#### [PROBLEM REQUIREMENTS]
Copy the lines from the start of the records below through the line containing "#1=APPLICATION_CONTEXT('core data for", both included, and leave out the pictures.
START AVAILABLE RECORDS
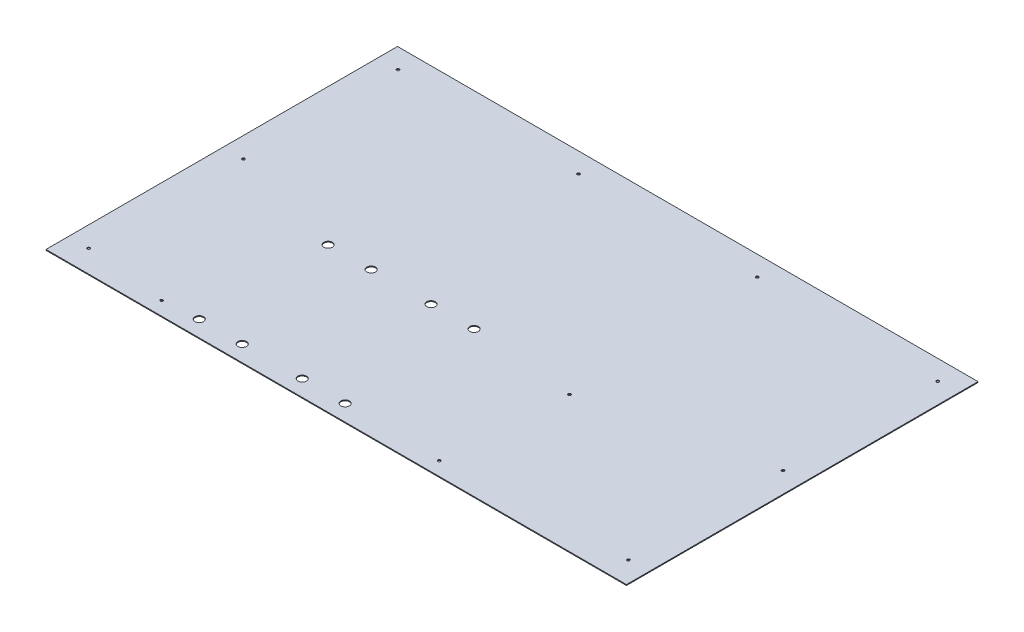
ISO-10303-21;
HEADER;
FILE_DESCRIPTION(('STEP AP214'),'2;1');
FILE_NAME('part.step','',(''),(''),'','','');
FILE_SCHEMA(('AUTOMOTIVE_DESIGN { 1 0 10303 214 1 1 1 1 }'));
ENDSEC;
DATA;
#1=APPLICATION_CONTEXT('core data for automotive mechanical design processes');
#2=APPLICATION_PROTOCOL_DEFINITION('international standard','automotive_design',2000,#1);
#3=PRODUCT_CONTEXT('',#1,'mechanical');
#4=PRODUCT('Part','Part','',(#3));
#5=PRODUCT_RELATED_PRODUCT_CATEGORY('part','',(#4));
#6=PRODUCT_DEFINITION_FORMATION('','',#4);
#7=PRODUCT_DEFINITION_CONTEXT('part definition',#1,'design');
#8=PRODUCT_DEFINITION('design','',#6,#7);
#9=PRODUCT_DEFINITION_SHAPE('','',#8);
#10=(LENGTH_UNIT() NAMED_UNIT(*) SI_UNIT(.MILLI.,.METRE.));
#11=(NAMED_UNIT(*) PLANE_ANGLE_UNIT() SI_UNIT($,.RADIAN.));
#12=(NAMED_UNIT(*) SI_UNIT($,.STERADIAN.) SOLID_ANGLE_UNIT());
#13=UNCERTAINTY_MEASURE_WITH_UNIT(LENGTH_MEASURE(1.E-05),#10,'distance_accuracy_value','');
#14=(GEOMETRIC_REPRESENTATION_CONTEXT(3) GLOBAL_UNCERTAINTY_ASSIGNED_CONTEXT((#13)) GLOBAL_UNIT_ASSIGNED_CONTEXT((#10,
#11,#12)) REPRESENTATION_CONTEXT('',''));
#15=CARTESIAN_POINT('',(0.,0.,0.));
#16=DIRECTION('',(0.,0.,1.));
#17=DIRECTION('',(1.,0.,0.));
#18=AXIS2_PLACEMENT_3D('',#15,#16,#17);
#19=CARTESIAN_POINT('',(337.7,1.,204.5));
#20=DIRECTION('',(-1.,0.,0.));
#21=DIRECTION('',(0.,0.,1.));
#22=AXIS2_PLACEMENT_3D('',#19,#20,#21);
#23=PLANE('',#22);
#24=DIRECTION('',(0.,0.,-1.));
#25=VECTOR('',#24,1.);
#26=CARTESIAN_POINT('',(337.7,0.,204.5));
#27=LINE('',#26,#25);
#28=CARTESIAN_POINT('',(337.7,0.,204.5));
#29=VERTEX_POINT('',#28);
#30=CARTESIAN_POINT('',(337.7,0.,-204.5));
#31=VERTEX_POINT('',#30);
#32=EDGE_CURVE('E96',#29,#31,#27,.T.);
#33=ORIENTED_EDGE('',*,*,#32,.T.);
#34=DIRECTION('',(0.,-1.,0.));
#35=VECTOR('',#34,1.);
#36=CARTESIAN_POINT('',(337.7,1.,-204.5));
#37=LINE('',#36,#35);
#38=CARTESIAN_POINT('',(337.7,1.,-204.5));
#39=VERTEX_POINT('',#38);
#40=EDGE_CURVE('E11',#39,#31,#37,.T.);
#41=ORIENTED_EDGE('',*,*,#40,.F.);
#42=DIRECTION('',(0.,0.,-1.));
#43=VECTOR('',#42,1.);
#44=CARTESIAN_POINT('',(337.7,1.,204.5));
#45=LINE('',#44,#43);
#46=CARTESIAN_POINT('',(337.7,1.,204.5));
#47=VERTEX_POINT('',#46);
#48=EDGE_CURVE('E84',#47,#39,#45,.T.);
#49=ORIENTED_EDGE('',*,*,#48,.F.);
#50=DIRECTION('',(0.,-1.,0.));
#51=VECTOR('',#50,1.);
#52=CARTESIAN_POINT('',(337.7,1.,204.5));
#53=LINE('',#52,#51);
#54=EDGE_CURVE('E92',#47,#29,#53,.T.);
#55=ORIENTED_EDGE('',*,*,#54,.T.);
#56=EDGE_LOOP('',(#33,#41,#49,#55));
#57=FACE_BOUND('',#56,.T.);
#58=ADVANCED_FACE('F33',(#57),#23,.F.);
#59=CARTESIAN_POINT('',(-337.7,1.,-204.5));
#60=DIRECTION('',(0.,0.,1.));
#61=DIRECTION('',(1.,0.,0.));
#62=AXIS2_PLACEMENT_3D('',#59,#60,#61);
#63=PLANE('',#62);
#64=DIRECTION('',(-1.,0.,0.));
#65=VECTOR('',#64,1.);
#66=CARTESIAN_POINT('',(-337.7,0.,-204.5));
#67=LINE('',#66,#65);
#68=CARTESIAN_POINT('',(-337.7,0.,-204.5));
#69=VERTEX_POINT('',#68);
#70=EDGE_CURVE('E88',#31,#69,#67,.T.);
#71=ORIENTED_EDGE('',*,*,#70,.T.);
#72=DIRECTION('',(0.,-1.,0.));
#73=VECTOR('',#72,1.);
#74=CARTESIAN_POINT('',(-337.7,1.,-204.5));
#75=LINE('',#74,#73);
#76=CARTESIAN_POINT('',(-337.7,1.,-204.5));
#77=VERTEX_POINT('',#76);
#78=EDGE_CURVE('E41',#77,#69,#75,.T.);
#79=ORIENTED_EDGE('',*,*,#78,.F.);
#80=DIRECTION('',(-1.,0.,0.));
#81=VECTOR('',#80,1.);
#82=CARTESIAN_POINT('',(-337.7,1.,-204.5));
#83=LINE('',#82,#81);
#84=EDGE_CURVE('E79',#39,#77,#83,.T.);
#85=ORIENTED_EDGE('',*,*,#84,.F.);
#86=ORIENTED_EDGE('',*,*,#40,.T.);
#87=EDGE_LOOP('',(#71,#79,#85,#86));
#88=FACE_BOUND('',#87,.T.);
#89=ADVANCED_FACE('F87',(#88),#63,.F.);
#90=CARTESIAN_POINT('',(-337.7,1.,204.5));
#91=DIRECTION('',(1.,0.,0.));
#92=DIRECTION('',(0.,0.,-1.));
#93=AXIS2_PLACEMENT_3D('',#90,#91,#92);
#94=PLANE('',#93);
#95=DIRECTION('',(0.,0.,1.));
#96=VECTOR('',#95,1.);
#97=CARTESIAN_POINT('',(-337.7,0.,204.5));
#98=LINE('',#97,#96);
#99=CARTESIAN_POINT('',(-337.7,0.,204.5));
#100=VERTEX_POINT('',#99);
#101=EDGE_CURVE('E66',#69,#100,#98,.T.);
#102=ORIENTED_EDGE('',*,*,#101,.T.);
#103=DIRECTION('',(0.,-1.,0.));
#104=VECTOR('',#103,1.);
#105=CARTESIAN_POINT('',(-337.7,1.,204.5));
#106=LINE('',#105,#104);
#107=CARTESIAN_POINT('',(-337.7,1.,204.5));
#108=VERTEX_POINT('',#107);
#109=EDGE_CURVE('E89',#108,#100,#106,.T.);
#110=ORIENTED_EDGE('',*,*,#109,.F.);
#111=DIRECTION('',(0.,0.,1.));
#112=VECTOR('',#111,1.);
#113=CARTESIAN_POINT('',(-337.7,1.,204.5));
#114=LINE('',#113,#112);
#115=EDGE_CURVE('E82',#77,#108,#114,.T.);
#116=ORIENTED_EDGE('',*,*,#115,.F.);
#117=ORIENTED_EDGE('',*,*,#78,.T.);
#118=EDGE_LOOP('',(#102,#110,#116,#117));
#119=FACE_BOUND('',#118,.T.);
#120=ADVANCED_FACE('F90',(#119),#94,.F.);
#121=CARTESIAN_POINT('',(-337.7,1.,204.5));
#122=DIRECTION('',(0.,0.,-1.));
#123=DIRECTION('',(-1.,0.,0.));
#124=AXIS2_PLACEMENT_3D('',#121,#122,#123);
#125=PLANE('',#124);
#126=DIRECTION('',(1.,0.,0.));
#127=VECTOR('',#126,1.);
#128=CARTESIAN_POINT('',(-337.7,0.,204.5));
#129=LINE('',#128,#127);
#130=EDGE_CURVE('E72',#100,#29,#129,.T.);
#131=ORIENTED_EDGE('',*,*,#130,.T.);
#132=ORIENTED_EDGE('',*,*,#54,.F.);
#133=DIRECTION('',(1.,0.,0.));
#134=VECTOR('',#133,1.);
#135=CARTESIAN_POINT('',(-337.7,1.,204.5));
#136=LINE('',#135,#134);
#137=EDGE_CURVE('E49',#108,#47,#136,.T.);
#138=ORIENTED_EDGE('',*,*,#137,.F.);
#139=ORIENTED_EDGE('',*,*,#109,.T.);
#140=EDGE_LOOP('',(#131,#132,#138,#139));
#141=FACE_BOUND('',#140,.T.);
#142=ADVANCED_FACE('F104',(#141),#125,.F.);
#143=CARTESIAN_POINT('',(0.,1.,0.));
#144=DIRECTION('',(0.,-1.,0.));
#145=DIRECTION('',(0.,0.,-1.));
#146=AXIS2_PLACEMENT_3D('',#143,#144,#145);
#147=PLANE('',#146);
#148=CARTESIAN_POINT('',(-104.,1.,-181.4));
#149=DIRECTION('',(0.,-1.,0.));
#150=DIRECTION('',(0.,0.,-1.));
#151=AXIS2_PLACEMENT_3D('',#148,#149,#150);
#152=CIRCLE('',#151,1.59999999999996);
#153=CARTESIAN_POINT('',(-104.,1.,-183.));
#154=VERTEX_POINT('',#153);
#155=EDGE_CURVE('E217',#154,#154,#152,.F.);
#156=ORIENTED_EDGE('',*,*,#155,.F.);
#157=EDGE_LOOP('',(#156));
#158=FACE_BOUND('',#157,.T.);
#159=CARTESIAN_POINT('',(104.,1.,188.6));
#160=DIRECTION('',(0.,-1.,0.));
#161=DIRECTION('',(0.,0.,-1.));
#162=AXIS2_PLACEMENT_3D('',#159,#160,#161);
#163=CIRCLE('',#162,1.60000000000002);
#164=CARTESIAN_POINT('',(104.,1.,187.));
#165=VERTEX_POINT('',#164);
#166=EDGE_CURVE('E211',#165,#165,#163,.F.);
#167=ORIENTED_EDGE('',*,*,#166,.F.);
#168=EDGE_LOOP('',(#167));
#169=FACE_BOUND('',#168,.T.);
#170=CARTESIAN_POINT('',(104.,1.,-181.4));
#171=DIRECTION('',(0.,-1.,0.));
#172=DIRECTION('',(0.,0.,-1.));
#173=AXIS2_PLACEMENT_3D('',#170,#171,#172);
#174=CIRCLE('',#173,1.59999999999999);
#175=CARTESIAN_POINT('',(104.,1.,-183.));
#176=VERTEX_POINT('',#175);
#177=EDGE_CURVE('E205',#176,#176,#174,.F.);
#178=ORIENTED_EDGE('',*,*,#177,.F.);
#179=EDGE_LOOP('',(#178));
#180=FACE_BOUND('',#179,.T.);
#181=CARTESIAN_POINT('',(-219.,1.,188.6));
#182=DIRECTION('',(0.,-1.,0.));
#183=DIRECTION('',(0.,0.,-1.));
#184=AXIS2_PLACEMENT_3D('',#181,#182,#183);
#185=CIRCLE('',#184,1.59999999999999);
#186=CARTESIAN_POINT('',(-219.,1.,187.));
#187=VERTEX_POINT('',#186);
#188=EDGE_CURVE('E199',#187,#187,#185,.F.);
#189=ORIENTED_EDGE('',*,*,#188,.F.);
#190=EDGE_LOOP('',(#189));
#191=FACE_BOUND('',#190,.T.);
#192=CARTESIAN_POINT('',(314.,1.,-1.3999999999999));
#193=DIRECTION('',(0.,-1.,0.));
#194=DIRECTION('',(0.,0.,-1.));
#195=AXIS2_PLACEMENT_3D('',#192,#193,#194);
#196=CIRCLE('',#195,1.59999999999996);
#197=CARTESIAN_POINT('',(314.,1.,-2.99999999999987));
#198=VERTEX_POINT('',#197);
#199=EDGE_CURVE('E193',#198,#198,#196,.F.);
#200=ORIENTED_EDGE('',*,*,#199,.F.);
#201=EDGE_LOOP('',(#200));
#202=FACE_BOUND('',#201,.T.);
#203=CARTESIAN_POINT('',(-314.,1.,-1.40000000000004));
#204=DIRECTION('',(0.,-1.,0.));
#205=DIRECTION('',(0.,0.,-1.));
#206=AXIS2_PLACEMENT_3D('',#203,#204,#205);
#207=CIRCLE('',#206,1.59999999999996);
#208=CARTESIAN_POINT('',(-314.,1.,-3.));
#209=VERTEX_POINT('',#208);
#210=EDGE_CURVE('E187',#209,#209,#207,.F.);
#211=ORIENTED_EDGE('',*,*,#210,.F.);
#212=EDGE_LOOP('',(#211));
#213=FACE_BOUND('',#212,.T.);
#214=CARTESIAN_POINT('',(-128.3,1.,35.6));
#215=DIRECTION('',(0.,-1.,0.));
#216=DIRECTION('',(0.,0.,-1.));
#217=AXIS2_PLACEMENT_3D('',#214,#215,#216);
#218=CIRCLE('',#217,4.99999999999999);
#219=CARTESIAN_POINT('',(-128.3,1.,30.6));
#220=VERTEX_POINT('',#219);
#221=EDGE_CURVE('E181',#220,#220,#218,.F.);
#222=ORIENTED_EDGE('',*,*,#221,.F.);
#223=EDGE_LOOP('',(#222));
#224=FACE_BOUND('',#223,.T.);
#225=CARTESIAN_POINT('',(-178.3,1.,35.6));
#226=DIRECTION('',(0.,-1.,0.));
#227=DIRECTION('',(0.,0.,-1.));
#228=AXIS2_PLACEMENT_3D('',#225,#226,#227);
#229=CIRCLE('',#228,4.99999999999999);
#230=CARTESIAN_POINT('',(-178.3,1.,30.6));
#231=VERTEX_POINT('',#230);
#232=EDGE_CURVE('E175',#231,#231,#229,.F.);
#233=ORIENTED_EDGE('',*,*,#232,.F.);
#234=EDGE_LOOP('',(#233));
#235=FACE_BOUND('',#234,.T.);
#236=CARTESIAN_POINT('',(-178.3,1.,185.6));
#237=DIRECTION('',(0.,-1.,0.));
#238=DIRECTION('',(0.,0.,-1.));
#239=AXIS2_PLACEMENT_3D('',#236,#237,#238);
#240=CIRCLE('',#239,4.99999999999999);
#241=CARTESIAN_POINT('',(-178.3,1.,180.6));
#242=VERTEX_POINT('',#241);
#243=EDGE_CURVE('E169',#242,#242,#240,.F.);
#244=ORIENTED_EDGE('',*,*,#243,.F.);
#245=EDGE_LOOP('',(#244));
#246=FACE_BOUND('',#245,.T.);
#247=CARTESIAN_POINT('',(-128.3,1.,185.6));
#248=DIRECTION('',(0.,-1.,0.));
#249=DIRECTION('',(0.,0.,-1.));
#250=AXIS2_PLACEMENT_3D('',#247,#248,#249);
#251=CIRCLE('',#250,5.00000000000002);
#252=CARTESIAN_POINT('',(-128.3,1.,180.6));
#253=VERTEX_POINT('',#252);
#254=EDGE_CURVE('E163',#253,#253,#251,.F.);
#255=ORIENTED_EDGE('',*,*,#254,.F.);
#256=EDGE_LOOP('',(#255));
#257=FACE_BOUND('',#256,.T.);
#258=CARTESIAN_POINT('',(-58.5,1.,185.6));
#259=DIRECTION('',(0.,-1.,0.));
#260=DIRECTION('',(0.,0.,-1.));
#261=AXIS2_PLACEMENT_3D('',#258,#259,#260);
#262=CIRCLE('',#261,5.00000000000002);
#263=CARTESIAN_POINT('',(-58.5,1.,180.6));
#264=VERTEX_POINT('',#263);
#265=EDGE_CURVE('E157',#264,#264,#262,.F.);
#266=ORIENTED_EDGE('',*,*,#265,.F.);
#267=EDGE_LOOP('',(#266));
#268=FACE_BOUND('',#267,.T.);
#269=CARTESIAN_POINT('',(-8.49999999999999,1.,185.6));
#270=DIRECTION('',(0.,-1.,0.));
#271=DIRECTION('',(0.,0.,-1.));
#272=AXIS2_PLACEMENT_3D('',#269,#270,#271);
#273=CIRCLE('',#272,5.00000000000001);
#274=CARTESIAN_POINT('',(-8.49999999999999,1.,180.6));
#275=VERTEX_POINT('',#274);
#276=EDGE_CURVE('E151',#275,#275,#273,.F.);
#277=ORIENTED_EDGE('',*,*,#276,.F.);
#278=EDGE_LOOP('',(#277));
#279=FACE_BOUND('',#278,.T.);
#280=CARTESIAN_POINT('',(-8.49999999999999,1.,35.6));
#281=DIRECTION('',(0.,-1.,0.));
#282=DIRECTION('',(0.,0.,-1.));
#283=AXIS2_PLACEMENT_3D('',#280,#281,#282);
#284=CIRCLE('',#283,4.99999999999999);
#285=CARTESIAN_POINT('',(-8.49999999999999,1.,30.6));
#286=VERTEX_POINT('',#285);
#287=EDGE_CURVE('E145',#286,#286,#284,.F.);
#288=ORIENTED_EDGE('',*,*,#287,.F.);
#289=EDGE_LOOP('',(#288));
#290=FACE_BOUND('',#289,.T.);
#291=CARTESIAN_POINT('',(-58.5,1.,35.6));
#292=DIRECTION('',(0.,-1.,0.));
#293=DIRECTION('',(0.,0.,-1.));
#294=AXIS2_PLACEMENT_3D('',#291,#292,#293);
#295=CIRCLE('',#294,4.99999999999999);
#296=CARTESIAN_POINT('',(-58.5,1.,30.6));
#297=VERTEX_POINT('',#296);
#298=EDGE_CURVE('E139',#297,#297,#295,.F.);
#299=ORIENTED_EDGE('',*,*,#298,.F.);
#300=EDGE_LOOP('',(#299));
#301=FACE_BOUND('',#300,.T.);
#302=CARTESIAN_POINT('',(113.,1.,46.25));
#303=DIRECTION('',(0.,-1.,0.));
#304=DIRECTION('',(0.,0.,-1.));
#305=AXIS2_PLACEMENT_3D('',#302,#303,#304);
#306=CIRCLE('',#305,1.60000000000001);
#307=CARTESIAN_POINT('',(113.,1.,44.65));
#308=VERTEX_POINT('',#307);
#309=EDGE_CURVE('E133',#308,#308,#306,.F.);
#310=ORIENTED_EDGE('',*,*,#309,.F.);
#311=EDGE_LOOP('',(#310));
#312=FACE_BOUND('',#311,.T.);
#313=CARTESIAN_POINT('',(314.,1.,178.6));
#314=DIRECTION('',(0.,-1.,0.));
#315=DIRECTION('',(0.,0.,-1.));
#316=AXIS2_PLACEMENT_3D('',#313,#314,#315);
#317=CIRCLE('',#316,1.59999999999996);
#318=CARTESIAN_POINT('',(314.,1.,177.));
#319=VERTEX_POINT('',#318);
#320=EDGE_CURVE('E127',#319,#319,#317,.F.);
#321=ORIENTED_EDGE('',*,*,#320,.F.);
#322=EDGE_LOOP('',(#321));
#323=FACE_BOUND('',#322,.T.);
#324=CARTESIAN_POINT('',(314.,1.,-181.4));
#325=DIRECTION('',(0.,-1.,0.));
#326=DIRECTION('',(0.,0.,-1.));
#327=AXIS2_PLACEMENT_3D('',#324,#325,#326);
#328=CIRCLE('',#327,1.59999999999996);
#329=CARTESIAN_POINT('',(314.,1.,-183.));
#330=VERTEX_POINT('',#329);
#331=EDGE_CURVE('E121',#330,#330,#328,.F.);
#332=ORIENTED_EDGE('',*,*,#331,.F.);
#333=EDGE_LOOP('',(#332));
#334=FACE_BOUND('',#333,.T.);
#335=CARTESIAN_POINT('',(-314.,1.,-181.4));
#336=DIRECTION('',(0.,-1.,0.));
#337=DIRECTION('',(0.,0.,-1.));
#338=AXIS2_PLACEMENT_3D('',#335,#336,#337);
#339=CIRCLE('',#338,1.59999999999996);
#340=CARTESIAN_POINT('',(-314.,1.,-183.));
#341=VERTEX_POINT('',#340);
#342=EDGE_CURVE('E115',#341,#341,#339,.F.);
#343=ORIENTED_EDGE('',*,*,#342,.F.);
#344=EDGE_LOOP('',(#343));
#345=FACE_BOUND('',#344,.T.);
#346=CARTESIAN_POINT('',(-314.,1.,178.6));
#347=DIRECTION('',(0.,-1.,0.));
#348=DIRECTION('',(0.,0.,-1.));
#349=AXIS2_PLACEMENT_3D('',#346,#347,#348);
#350=CIRCLE('',#349,1.59999999999996);
#351=CARTESIAN_POINT('',(-314.,1.,177.));
#352=VERTEX_POINT('',#351);
#353=EDGE_CURVE('E99',#352,#352,#350,.F.);
#354=ORIENTED_EDGE('',*,*,#353,.F.);
#355=EDGE_LOOP('',(#354));
#356=FACE_BOUND('',#355,.T.);
#357=ORIENTED_EDGE('',*,*,#48,.T.);
#358=ORIENTED_EDGE('',*,*,#84,.T.);
#359=ORIENTED_EDGE('',*,*,#115,.T.);
#360=ORIENTED_EDGE('',*,*,#137,.T.);
#361=EDGE_LOOP('',(#357,#358,#359,#360));
#362=FACE_BOUND('',#361,.T.);
#363=ADVANCED_FACE('F80',(#158,#169,#180,#191,#202,#213,#224,#235,#246,#257,#268,#279,#290,#301,
#312,#323,#334,#345,#356,#362),#147,.F.);
#364=CARTESIAN_POINT('',(0.,0.,0.));
#365=DIRECTION('',(0.,-1.,0.));
#366=DIRECTION('',(0.,0.,-1.));
#367=AXIS2_PLACEMENT_3D('',#364,#365,#366);
#368=PLANE('',#367);
#369=CARTESIAN_POINT('',(-104.,0.,-181.4));
#370=DIRECTION('',(0.,-1.,0.));
#371=DIRECTION('',(0.,0.,-1.));
#372=AXIS2_PLACEMENT_3D('',#369,#370,#371);
#373=CIRCLE('',#372,1.59999999999996);
#374=CARTESIAN_POINT('',(-104.,0.,-183.));
#375=VERTEX_POINT('',#374);
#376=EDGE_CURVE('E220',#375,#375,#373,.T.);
END AVAILABLE RECORDS
#### [SOLUTION TO THIS EXERCISE]
ISO-10303-21;
HEADER;
FILE_DESCRIPTION(('STEP AP214'),'2;1');
FILE_NAME('part.step','',(''),(''),'','','');
FILE_SCHEMA(('AUTOMOTIVE_DESIGN { 1 0 10303 214 1 1 1 1 }'));
ENDSEC;
DATA;
#1=APPLICATION_CONTEXT('core data for automotive mechanical design processes');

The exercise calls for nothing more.